Опубликован отчёт о деятельности группировки JuiceLedger
Исследователи SentinelLabs в сотрудничестве с Checkmarx опубликовали отчёт об активности и эволюции группировки JuiceLedger. В начале 2022 года злоумышленники начали проводить относительно незаметные кампании, распространяя мошеннические .NET-приложения, предназначенные для кражи конфиденциальных данных из браузеров жертв. В августе 2022 года злоумышленники отравляли пакеты с открытым исходным кодом, чтобы охватить более широкую аудиторию, воруя информацию с помощью атак на цепочку поставок. В рамках фишинговой кампании операторы JuiceLedger активно атаковали разработчиков PyPi, отправляя фишинговые электронные письма и ВПО, предназначенное для последующего заражения пользователей с помощью JuiceStealer.

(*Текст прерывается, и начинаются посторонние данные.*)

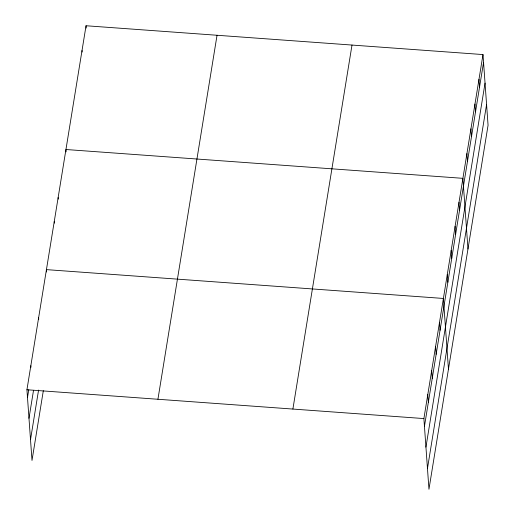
<?xml version="1.0" encoding="UTF-8"?>
<svg xmlns="http://www.w3.org/2000/svg" width="515" height="515" viewBox="0 0 515 515"><rect width="100%" height="100%" fill="white"/><g stroke="black" fill="none" stroke-linecap="round" stroke-linejoin="round"><path stroke-width="0.77" d="M43.324 390.679L32.001 460.429L26.935 389.752L86.044 25.75L482.999 54.571L488.065 125.248L428.956 489.25L423.89 418.573L482.999 54.571M27.495 397.548L28.75 389.797M28.982 418.296L33.514 390.402M30.514 439.675L38.567 390.08M157.931 399.26L217.04 35.265M292.893 409.065L352.002 45.062M424.45 426.375L483.559 62.373M425.937 447.123L485.046 83.121M427.469 468.502L486.578 104.5M26.935 389.752L423.89 418.573M478.982 79.323L479.536 87.125M474.959 104.075L475.519 111.877M470.942 128.827L471.502 136.63M466.925 153.579L467.478 161.382M467.968 249.009L462.901 178.332L65.946 149.511L66.113 151.848M459 202.356L459.56 210.159M455.099 226.381L455.659 234.177M451.198 250.406L451.758 258.202M447.297 274.431L447.857 282.226M448.462 369.133L443.396 298.455L46.44 269.628L46.608 271.972M439.495 322.48L440.055 330.276M435.593 346.505L436.154 354.301M431.692 370.523L432.252 378.325M427.791 394.548L428.351 402.35M86.044 25.75L86.211 28.087M82.027 50.502L82.136 52.06M58.144 197.56L58.253 199.118M54.242 221.585L54.352 223.143M38.638 317.678L38.747 319.236M30.836 365.727L30.945 367.285"/></g></svg>
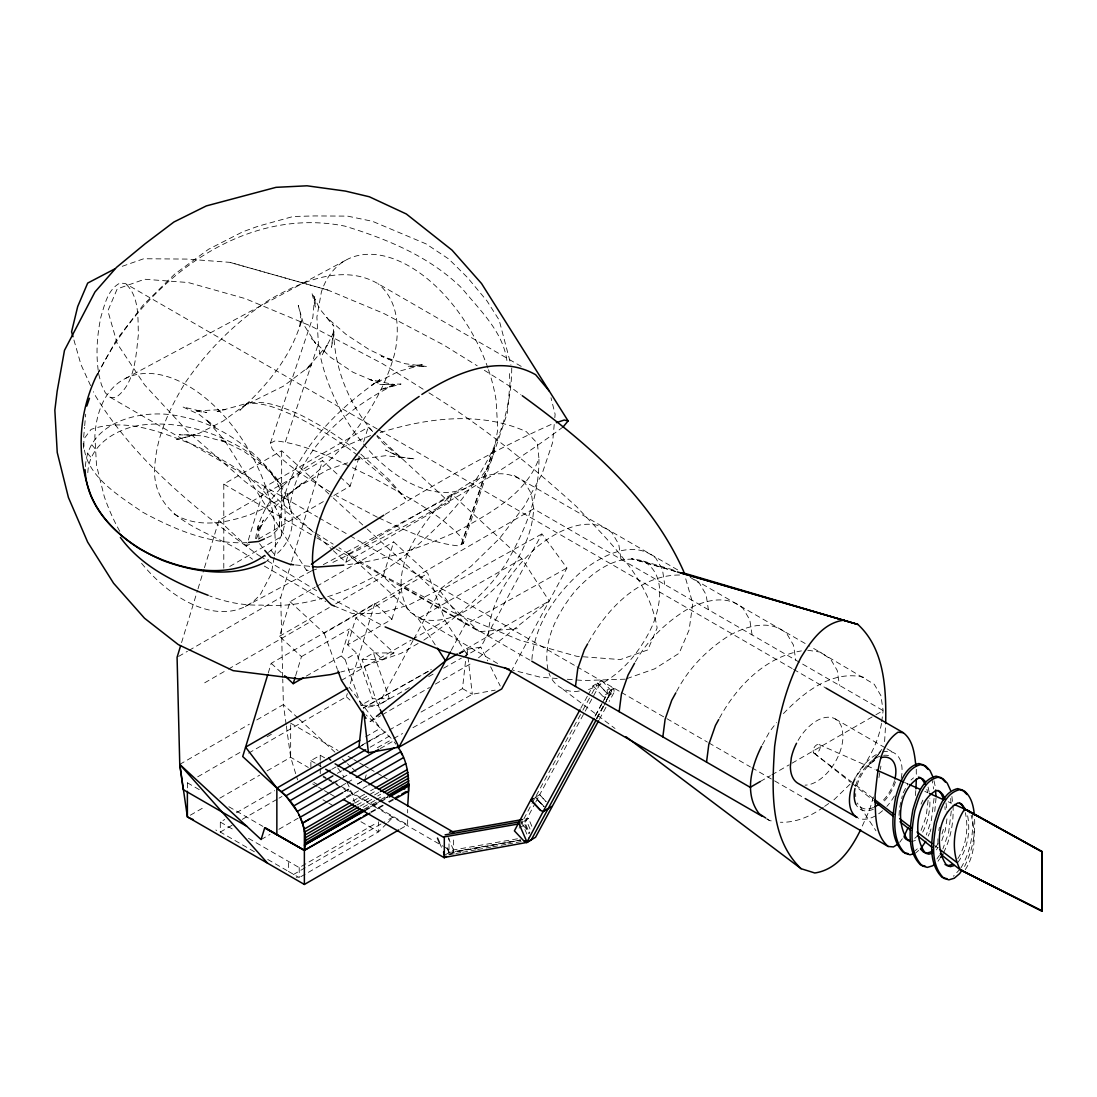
<?xml version="1.0" encoding="UTF-8"?>
<svg xmlns="http://www.w3.org/2000/svg" width="1097" height="1097" viewBox="0 0 1097 1097"><rect width="100%" height="100%" fill="white"/><g stroke="black" fill="none" stroke-linecap="round" stroke-linejoin="round"><path stroke-width="0.75" stroke-dasharray="5 3.75" d="M246.894 542.631C209.98 544.537 174.354 529.371 142.487 512.08C117.982 494.994 80.863 473.383 84.058 438.773L91.078 429.393C126.525 416.874 164.303 433.26 197.199 446.369C228.903 463.099 265.803 481.624 279.913 516.797L279.159 527.671L271.768 535.597L265.927 538.202M884.607 741.586L885.581 725.227M899.033 815.386L899.43 808.791M928.117 800.193L926.156 816.689L920.822 831.032M934.054 798.369L931.394 820.035L926.279 834.954M936.056 797.807L934.466 814.468M937.935 838.807L937.935 845.17M946.944 818.842L945.285 830.402L941.761 840.755M951.291 810.985L948.617 832.65L942.899 848.9M83.249 443.27L83.701 451.224M915.364 795.544L915.803 790.526M83.674 437.196L84.538 427.336M84.688 425.691L85.703 414.2M279.159 527.671C281.998 464.566 330.307 413.596 379.836 379.672L371.787 385.102L398.787 371.321L423.977 364.355L407.33 366.425L427.021 366.535L405.232 363.724L381.386 356.223L393.631 361.324L369.058 349.518L346.227 334.544L326.673 317.431L333.858 326.056L319.899 309.121L311.877 292.803L315.538 307.448L314.757 295.875L312.864 317.239L270.424 443.174L272.207 448.975C289.073 468.186 311.959 480.692 333.474 493.938M511.737 368.043C511.339 454.885 448.988 527.424 380.015 573.457C344.129 593.792 302.978 608.465 261.223 605.078C243.52 605.585 226.147 602.308 209.664 595.932M554.218 424.47L552.614 442.585L542 474.082L523.996 506.663L499.834 538.092L471.148 566.217L439.911 589.158L408.249 605.311L378.314 613.593L352.137 613.456L334.462 606.106M554.821 417.683L555.123 414.296L550.996 397.772M421.07 712.049L462.495 688.614L466.815 649.41L480.829 647.107L541.932 533.882L566.971 568.027L512.176 669.581M85.456 466.554C87.513 421.015 143.584 407.7 180.69 416.476C223.363 424.457 258.289 452.513 283.108 487.082L265.748 467.72L244.041 451.402L219.441 439.225L227.723 442.667L202.863 435.866L179.181 434.782L195.376 434.878L176.617 439.609L198.914 433.438L223.075 421.111L246.77 403.71C264.487 399.212 281.874 407.261 298.027 413.679C319.858 424.525 340.714 437.415 359.459 453.034M488.096 635.986C490.071 600.662 511.476 569.494 537.352 546.704C557.207 530.838 589.103 513.341 612.112 532.895L618.749 544.263L621.012 559.251M881.494 723.403C877.984 743.533 867.631 762.154 854.824 777.91M881.7 721.799L883.14 710.595L880.877 695.594L874.227 684.24L811.245 647.024M878.93 777.581L880.068 771.04M880.356 769.395L880.918 766.131M899.732 807.145L902.283 795.915M938.813 830.552L939.402 827.248M255.628 538.682C263.225 481.926 323.354 454.254 370.786 435.536M274.181 557.427L271.22 573.978L260.839 593.669A128.815 76.132 61.8 0 1 140.553 562.089M274.483 555.768L275.745 548.719L274.099 519.635A128.815 76.132 61.8 0 0 179.03 381.098A128.815 76.132 61.8 0 0 94.863 436.291L96.509 465.375L104.201 496.297A128.815 76.132 61.8 0 0 119.806 531.401M87.815 472.684C88.83 446.164 114.403 429.914 138.222 425.513C173.833 420.137 210.103 429.709 240.915 447.645C275.621 467.13 315.36 521.02 275.608 554.986M873.431 796.875L869.633 809.709L861.323 828.194M930.009 832.033L930.955 828.921M941.994 833.926L943.393 829.305M181.554 642.623L197.501 590.488M197.995 588.856L203.973 569.302M204.467 567.684L218.906 520.431L322.545 460.603L338.863 475.673M218.906 520.431L246.537 545.949L264.514 487.109L368.153 427.268L375.668 434.206M282.711 677.356L280.709 597.454L291.171 563.241M291.665 561.609L322.545 460.603M268.258 673.01L271.206 663.328L374.845 603.501L391.903 619.27L347.653 644.817L356.539 653.017L372.418 698.72L389.339 698.679L373.446 652.962L362.065 659.544L377.958 705.248L389.339 698.679M295.642 675.711L301.483 656.609L279.474 636.287L290.047 601.705L315.209 587.169M333.886 495.515L350.162 486.108L359.665 455.063M363.656 441.981L368.153 427.268M333.365 550.694L345.87 562.254L348.366 554.122L451.991 494.294L521.843 558.812L549.186 600.991L477.552 658.584M306.31 676.109L341.222 655.951L349.49 628.896L382.592 659.489L393.974 652.907L355.922 617.762L400.172 592.215L383.114 576.446L393.686 541.863L427.816 573.402L445.053 620.545L467.843 655.691M347.653 644.817L355.922 617.762M248.635 753.132L346.35 696.718L347.31 693.578M374.845 603.501L349.23 687.298L380.481 728.243L391.848 738.967M391.903 619.27L400.172 592.215M364.752 779.72L366.535 773.865M345.87 562.254L449.509 502.426L451.991 494.294M285.343 441.872L318.391 343.814M461.179 544.578L494.24 446.506M461.727 544.304L494.774 446.232M378.835 517.949C404.395 529.508 430.257 543.193 458.56 545.881L463.359 543.495L507.349 412.952L510.023 382.812L509.241 371.239M256.479 538.764L263.349 520.033L257.699 530.742L276.266 505.539L302.032 483.174L296.19 487.987L327.523 469.859L348.476 462.509M903.215 792.829L907.987 783.656M921.041 804.115L922.851 800.138M922.714 832.129C928.021 821.722 930.462 809.86 929.817 798.218M928.185 836.051L929.406 833.363M943.585 852.671C950.578 838.725 953.636 822.86 953.087 807.31M964.537 866.465C972.299 851.203 975.754 833.734 974.451 816.662M380.248 432.533C427.199 417.916 480.171 410.881 526.395 431.697L537.393 443.311L538.929 458.409C526.053 494.459 489.358 513.533 457.86 531.03C421.673 547.746 383.319 560.786 343.553 565.133M519.731 826.685L532.196 803.141M532.854 801.742L535.309 797.258L544.043 806.556M519.059 828.084L523.31 825.575L534.993 803.511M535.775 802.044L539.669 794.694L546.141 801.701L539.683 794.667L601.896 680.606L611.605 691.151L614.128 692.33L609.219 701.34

CYBLE обнаружили новый банковский троян Zanubis
Специалисты CYBLE в рамках Cyble Research and Intelligence Labs (CRIL) наткнулись на неизвестный образец вредоносного ПО. После тщательного анализа программа была идентифицирована как новый вариант банковского Android трояна. ВПО получило название Zanubis в честь одноименной строки-ключа для расшифровки ответов, получаемых от C&C сервера. Троян выдает себя за легитимное PDF-приложение и нацелен на банки Перу, а также на WhatsApp и Gmail. По словам специалистов, ВПО все еще находится в стадии разработки, так как некоторые используемые в коде команды еще не реализованы, а оверлейные URL-адреса для нескольких целевых приложений отсутствуют. Исследователи перечислили индикаторы компрометации, а также советы по обнаружению и предотвращению заражения ВПО.